◆ Assignment ◆
Below are entries. Reproduce exactly the lines between the line holding "Product4/1 -> Gain4/1" and the line holding "Gain5/1 -> Sum3/2", inclusive, and only those.

◆ Task inputs ◆
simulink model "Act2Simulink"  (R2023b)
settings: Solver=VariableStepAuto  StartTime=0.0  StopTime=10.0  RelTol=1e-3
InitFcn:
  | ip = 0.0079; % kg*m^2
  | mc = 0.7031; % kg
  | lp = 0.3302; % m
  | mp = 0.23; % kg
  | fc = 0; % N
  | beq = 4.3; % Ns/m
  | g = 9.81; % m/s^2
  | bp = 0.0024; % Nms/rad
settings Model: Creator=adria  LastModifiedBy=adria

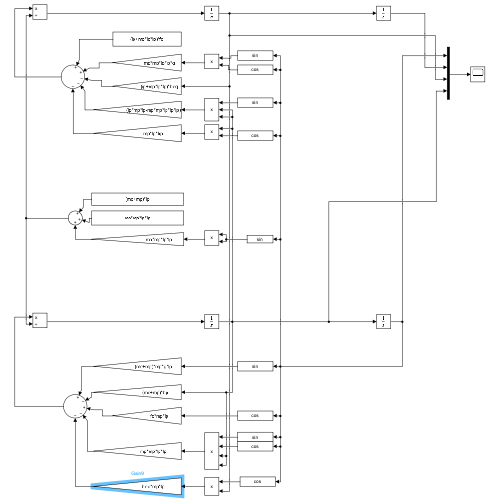
[thumbnail: Simulink's stored preview of the top-level diagram]
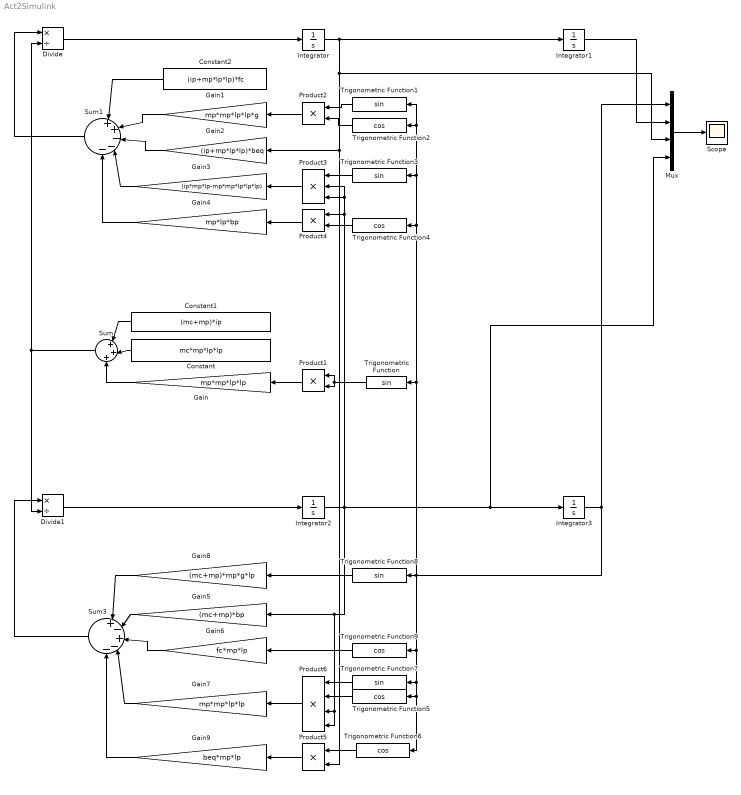
== system Act2Simulink ==
  Constant : Constant  Value=mc*mp*lp*lp
  Constant1 : Constant  Value=(mc+mp)*ip
  Constant2 : Constant  Value=(ip+mp*lp*lp)*fc
  Divide : Product  Inputs=*/
  Divide1 : Product  Inputs=*/
  Gain : Gain  Gain=mp*mp*lp*lp
  Gain1 : Gain  Gain=mp*mp*lp*lp*g
  Gain2 : Gain  Gain=(ip+mp*lp*lp)*beq
  Gain3 : Gain  Gain=(ip*mp*lp-mp*mp*lp*lp*lp)
  Gain4 : Gain  Gain=mp*lp*bp
  Gain5 : Gain  Gain=(mc+mp)*bp
  Gain6 : Gain  Gain=fc*mp*lp
  Gain7 : Gain  Gain=mp*mp*lp*lp
  Gain8 : Gain  Gain=(mc+mp)*mp*g*lp
  Gain9 : Gain  Gain=beq*mp*lp
  Integrator : Integrator
  Integrator1 : Integrator
  Integrator2 : Integrator
  Integrator3 : Integrator  InitialCondition=pi/180
  Mux : Mux
  Product{1..2,4..5} (4 alike) : Product
  Product3 : Product  Inputs=3
  Product6 : Product  Inputs=4
  Scope : Scope
  Sum : Sum  Inputs=|+|+|+
  Sum1 : Sum  Inputs=|+|+|-|-|-
  Sum3 : Sum  Inputs=|+|-|+|-|-
  Trigonometric Function{,1,3,7..8} (5 alike) : Trigonometry
  Trigonometric Function{2,4..6,9} (5 alike) : Trigonometry  Operator=cos
  wires:
  Constant1/1 -> Sum/1
  Constant/1 -> Sum/2
  Gain/1 -> Sum/3
  Trigonometric Function/1 -> Product1/2, Product1/1
  Product1/1 -> Gain/1
  Sum/1 -> Divide1/2, Divide/2
  Divide1/1 -> Integrator2/1
  Integrator2/1 -> Product6/3, Product6/4, Gain5/1, Product4/1, Product3/2, Product3/3, Mux/4, Integrator3/1
  Divide/1 -> Integrator/1
  Integrator/1 -> Mux/3, Product5/2, Gain2/1, Integrator1/1
  Sum1/1 -> Divide/1
  Constant2/1 -> Sum1/1
  Gain1/1 -> Sum1/2
  Trigonometric Function1/1 -> Product2/1
  Product2/1 -> Gain1/1
  Trigonometric Function2/1 -> Product2/2
  Gain2/1 -> Sum1/3
  Gain3/1 -> Sum1/4
  Product3/1 -> Gain3/1
  Trigonometric Function3/1 -> Product3/1
  Gain4/1 -> Sum1/5
  Product4/1 -> Gain4/1
  Trigonometric Function4/1 -> Product4/2
  Sum3/1 -> Divide1/1
  Trigonometric Function7/1 -> Product6/1
  Product6/1 -> Gain7/1
  Gain8/1 -> Sum3/1
  Trigonometric Function8/1 -> Gain8/1
  Gain5/1 -> Sum3/2
  Gain6/1 -> Sum3/3
  Trigonometric Function9/1 -> Gain6/1
  Gain7/1 -> Sum3/4
  Trigonometric Function5/1 -> Product6/2
  Product5/1 -> Gain9/1
  Trigonometric Function6/1 -> Product5/1
  Integrator3/1 -> Mux/1, Trigonometric Function6/1, Trigonometric Function5/1, Trigonometric Function7/1, Trigonometric Function9/1, Trigonometric Function8/1, Trigonometric Function1/1, Trigonometric Function2/1, Trigonometric Function3/1, Trigonometric Function4/1, Trigonometric Function/1
  Integrator1/1 -> Mux/2
  Mux/1 -> Scope/1
  Gain9/1 -> Sum3/5

◆ Response to the exercise ◆
  Product4/1 -> Gain4/1
  Trigonometric Function4/1 -> Product4/2
  Sum3/1 -> Divide1/1
  Trigonometric Function7/1 -> Product6/1
  Product6/1 -> Gain7/1
  Gain8/1 -> Sum3/1
  Trigonometric Function8/1 -> Gain8/1
  Gain5/1 -> Sum3/2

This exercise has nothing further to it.